Partial file caching

With partial file caching, the cache can fetch only the blocks that are read and not the entire file, thereby utilizing network and local disk space more efficiently. This is useful when an application does not need to read the whole file. Partial file caching is enabled on an IBM Spectrum Scale™ block boundary.

Partial file caching is controlled by the afmPrefetchThreshold parameter which can be updated using the mmchfileset command. The default value of this parameter is 0, which means complete file caching and all blocks of a file are fetched after any three blocks have been read by the cache and the file is marked as cached. This is useful for sequentially accessed files that are read in their entirety, such as image files, home directories, and development environments.

The valid afmPrefetchThreshold values are between 1 and 100. This specifies the file size percentage that must be cached before the rest of the data blocks are automatically fetched into the cache. A large value is suitable for a partially-accessed file.

An afmPrefetchThreshold value of 100 disables full file prefetching. This value caches only the data blocks that are read by the application. This is useful for large random-access files, that are either too big to fit in the cache or are never expected to be read in their entirety. When all data blocks are available in the cache, the file is marked as cached.

For sparse files, the percentage for prefetching is calculated as the ratio of the size of data blocks allocated in the cache and the total size of data blocks at home.

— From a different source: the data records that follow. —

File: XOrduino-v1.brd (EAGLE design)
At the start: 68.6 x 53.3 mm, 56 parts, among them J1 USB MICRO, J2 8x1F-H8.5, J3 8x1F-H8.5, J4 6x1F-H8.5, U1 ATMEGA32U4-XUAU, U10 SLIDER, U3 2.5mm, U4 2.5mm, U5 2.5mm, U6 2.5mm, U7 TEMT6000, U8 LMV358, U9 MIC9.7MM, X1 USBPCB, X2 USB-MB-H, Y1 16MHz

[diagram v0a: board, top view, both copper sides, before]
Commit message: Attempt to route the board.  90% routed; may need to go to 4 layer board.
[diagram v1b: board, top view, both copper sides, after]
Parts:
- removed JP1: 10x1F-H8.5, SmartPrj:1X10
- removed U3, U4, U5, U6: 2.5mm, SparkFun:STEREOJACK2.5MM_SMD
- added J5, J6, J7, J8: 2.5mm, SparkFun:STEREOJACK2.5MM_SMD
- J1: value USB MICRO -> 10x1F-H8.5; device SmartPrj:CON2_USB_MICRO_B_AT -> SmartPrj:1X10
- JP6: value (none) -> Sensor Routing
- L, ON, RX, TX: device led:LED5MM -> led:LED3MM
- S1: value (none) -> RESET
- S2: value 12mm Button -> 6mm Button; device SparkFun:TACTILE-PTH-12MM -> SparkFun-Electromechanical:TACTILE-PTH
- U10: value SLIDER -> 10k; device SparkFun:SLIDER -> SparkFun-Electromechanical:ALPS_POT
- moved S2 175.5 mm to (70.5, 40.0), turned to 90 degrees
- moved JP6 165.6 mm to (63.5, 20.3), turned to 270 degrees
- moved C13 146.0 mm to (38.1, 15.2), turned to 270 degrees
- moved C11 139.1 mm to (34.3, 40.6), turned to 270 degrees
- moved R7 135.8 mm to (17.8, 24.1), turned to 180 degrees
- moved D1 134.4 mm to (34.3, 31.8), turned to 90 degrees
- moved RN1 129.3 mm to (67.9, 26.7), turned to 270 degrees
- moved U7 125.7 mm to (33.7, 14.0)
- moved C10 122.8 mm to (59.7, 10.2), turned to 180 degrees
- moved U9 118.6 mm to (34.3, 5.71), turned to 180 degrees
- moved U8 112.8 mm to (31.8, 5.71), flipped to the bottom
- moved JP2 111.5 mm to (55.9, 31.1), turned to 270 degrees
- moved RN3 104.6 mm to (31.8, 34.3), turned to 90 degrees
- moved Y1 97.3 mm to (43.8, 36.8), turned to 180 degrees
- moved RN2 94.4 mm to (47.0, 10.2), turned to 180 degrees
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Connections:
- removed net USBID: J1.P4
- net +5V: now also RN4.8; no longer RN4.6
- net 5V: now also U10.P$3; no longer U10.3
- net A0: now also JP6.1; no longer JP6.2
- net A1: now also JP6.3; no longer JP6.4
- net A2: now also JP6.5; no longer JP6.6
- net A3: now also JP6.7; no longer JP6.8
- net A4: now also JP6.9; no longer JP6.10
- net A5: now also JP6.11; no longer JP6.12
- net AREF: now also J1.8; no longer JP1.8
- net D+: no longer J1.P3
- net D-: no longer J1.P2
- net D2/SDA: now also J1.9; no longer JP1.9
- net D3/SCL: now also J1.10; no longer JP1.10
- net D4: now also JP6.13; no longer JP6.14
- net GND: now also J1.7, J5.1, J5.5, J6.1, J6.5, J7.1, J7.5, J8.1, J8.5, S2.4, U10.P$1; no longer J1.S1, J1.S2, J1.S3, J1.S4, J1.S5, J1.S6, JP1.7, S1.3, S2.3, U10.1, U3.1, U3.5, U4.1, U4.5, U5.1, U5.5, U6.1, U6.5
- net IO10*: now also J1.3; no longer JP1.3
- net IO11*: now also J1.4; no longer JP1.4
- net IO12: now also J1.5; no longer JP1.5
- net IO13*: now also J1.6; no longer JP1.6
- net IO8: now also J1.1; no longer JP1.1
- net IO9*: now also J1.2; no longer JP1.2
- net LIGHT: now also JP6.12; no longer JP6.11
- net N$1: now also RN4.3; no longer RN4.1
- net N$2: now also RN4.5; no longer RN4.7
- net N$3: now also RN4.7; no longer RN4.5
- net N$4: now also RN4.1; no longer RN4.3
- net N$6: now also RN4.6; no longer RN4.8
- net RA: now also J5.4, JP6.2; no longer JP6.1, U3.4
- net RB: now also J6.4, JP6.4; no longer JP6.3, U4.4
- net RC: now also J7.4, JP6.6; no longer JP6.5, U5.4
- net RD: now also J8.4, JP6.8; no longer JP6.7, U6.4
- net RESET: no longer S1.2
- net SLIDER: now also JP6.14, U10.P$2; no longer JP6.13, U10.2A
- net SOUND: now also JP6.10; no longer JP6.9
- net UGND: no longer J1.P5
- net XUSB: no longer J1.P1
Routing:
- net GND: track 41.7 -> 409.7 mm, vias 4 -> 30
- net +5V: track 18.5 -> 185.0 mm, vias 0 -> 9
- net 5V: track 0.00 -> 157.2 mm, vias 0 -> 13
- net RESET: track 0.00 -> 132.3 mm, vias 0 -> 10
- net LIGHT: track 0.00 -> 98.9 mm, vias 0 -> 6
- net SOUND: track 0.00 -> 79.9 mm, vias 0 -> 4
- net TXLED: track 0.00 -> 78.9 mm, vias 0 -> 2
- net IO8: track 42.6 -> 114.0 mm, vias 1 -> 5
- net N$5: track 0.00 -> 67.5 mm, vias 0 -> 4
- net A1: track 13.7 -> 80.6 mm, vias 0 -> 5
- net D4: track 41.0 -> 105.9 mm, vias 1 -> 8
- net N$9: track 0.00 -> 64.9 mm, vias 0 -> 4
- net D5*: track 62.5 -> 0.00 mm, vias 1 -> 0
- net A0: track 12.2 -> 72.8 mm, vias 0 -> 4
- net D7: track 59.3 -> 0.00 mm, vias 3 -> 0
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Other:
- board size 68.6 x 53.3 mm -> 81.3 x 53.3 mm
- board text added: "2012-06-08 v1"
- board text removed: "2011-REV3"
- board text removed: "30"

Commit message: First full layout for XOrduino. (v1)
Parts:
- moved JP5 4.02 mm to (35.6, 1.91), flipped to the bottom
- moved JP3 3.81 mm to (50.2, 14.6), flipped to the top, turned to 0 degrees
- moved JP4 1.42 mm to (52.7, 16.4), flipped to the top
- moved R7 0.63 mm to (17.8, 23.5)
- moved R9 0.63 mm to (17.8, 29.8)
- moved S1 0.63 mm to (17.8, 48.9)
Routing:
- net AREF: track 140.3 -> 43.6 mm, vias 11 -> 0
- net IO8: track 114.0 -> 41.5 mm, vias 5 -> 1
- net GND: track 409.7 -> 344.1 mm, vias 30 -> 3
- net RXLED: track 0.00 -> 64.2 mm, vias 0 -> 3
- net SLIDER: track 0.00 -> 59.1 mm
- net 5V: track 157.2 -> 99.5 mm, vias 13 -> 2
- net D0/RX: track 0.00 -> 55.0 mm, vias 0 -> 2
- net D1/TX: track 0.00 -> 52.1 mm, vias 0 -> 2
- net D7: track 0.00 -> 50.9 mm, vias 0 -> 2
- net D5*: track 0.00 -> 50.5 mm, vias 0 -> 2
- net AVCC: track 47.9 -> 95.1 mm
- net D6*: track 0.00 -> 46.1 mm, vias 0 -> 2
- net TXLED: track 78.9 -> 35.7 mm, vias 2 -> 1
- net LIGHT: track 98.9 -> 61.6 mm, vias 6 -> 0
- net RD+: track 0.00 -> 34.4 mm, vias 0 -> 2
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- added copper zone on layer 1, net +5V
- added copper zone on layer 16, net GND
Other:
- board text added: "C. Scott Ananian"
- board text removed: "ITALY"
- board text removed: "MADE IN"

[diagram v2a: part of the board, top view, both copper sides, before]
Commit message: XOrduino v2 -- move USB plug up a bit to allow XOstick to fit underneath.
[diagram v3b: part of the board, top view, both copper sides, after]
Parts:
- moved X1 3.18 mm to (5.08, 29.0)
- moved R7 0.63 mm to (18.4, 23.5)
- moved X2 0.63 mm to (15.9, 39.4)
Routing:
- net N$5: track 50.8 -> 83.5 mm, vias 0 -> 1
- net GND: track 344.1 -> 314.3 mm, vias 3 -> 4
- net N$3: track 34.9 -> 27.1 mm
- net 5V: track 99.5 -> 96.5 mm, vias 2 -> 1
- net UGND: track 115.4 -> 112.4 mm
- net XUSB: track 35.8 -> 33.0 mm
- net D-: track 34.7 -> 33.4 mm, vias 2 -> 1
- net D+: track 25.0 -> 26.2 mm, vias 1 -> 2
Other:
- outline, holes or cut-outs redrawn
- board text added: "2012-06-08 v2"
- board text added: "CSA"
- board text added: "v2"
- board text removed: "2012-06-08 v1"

Holes in the home file are not considered in the calculation.

Writes on partially cached files

If a write is queued on a file that is partially cached, then the file is completely cached first. Only then the write is queued on the file. Appending to a partially cached file does not cache the whole file. In the LU mode alone, the write inset or append on a partially-cached file caches the whole file even if the prefetch threshold is set on the fileset.
Note: As Partial file caching is not backward compatible, all nodes must be on GPFS™ 3.5.0.11 or later.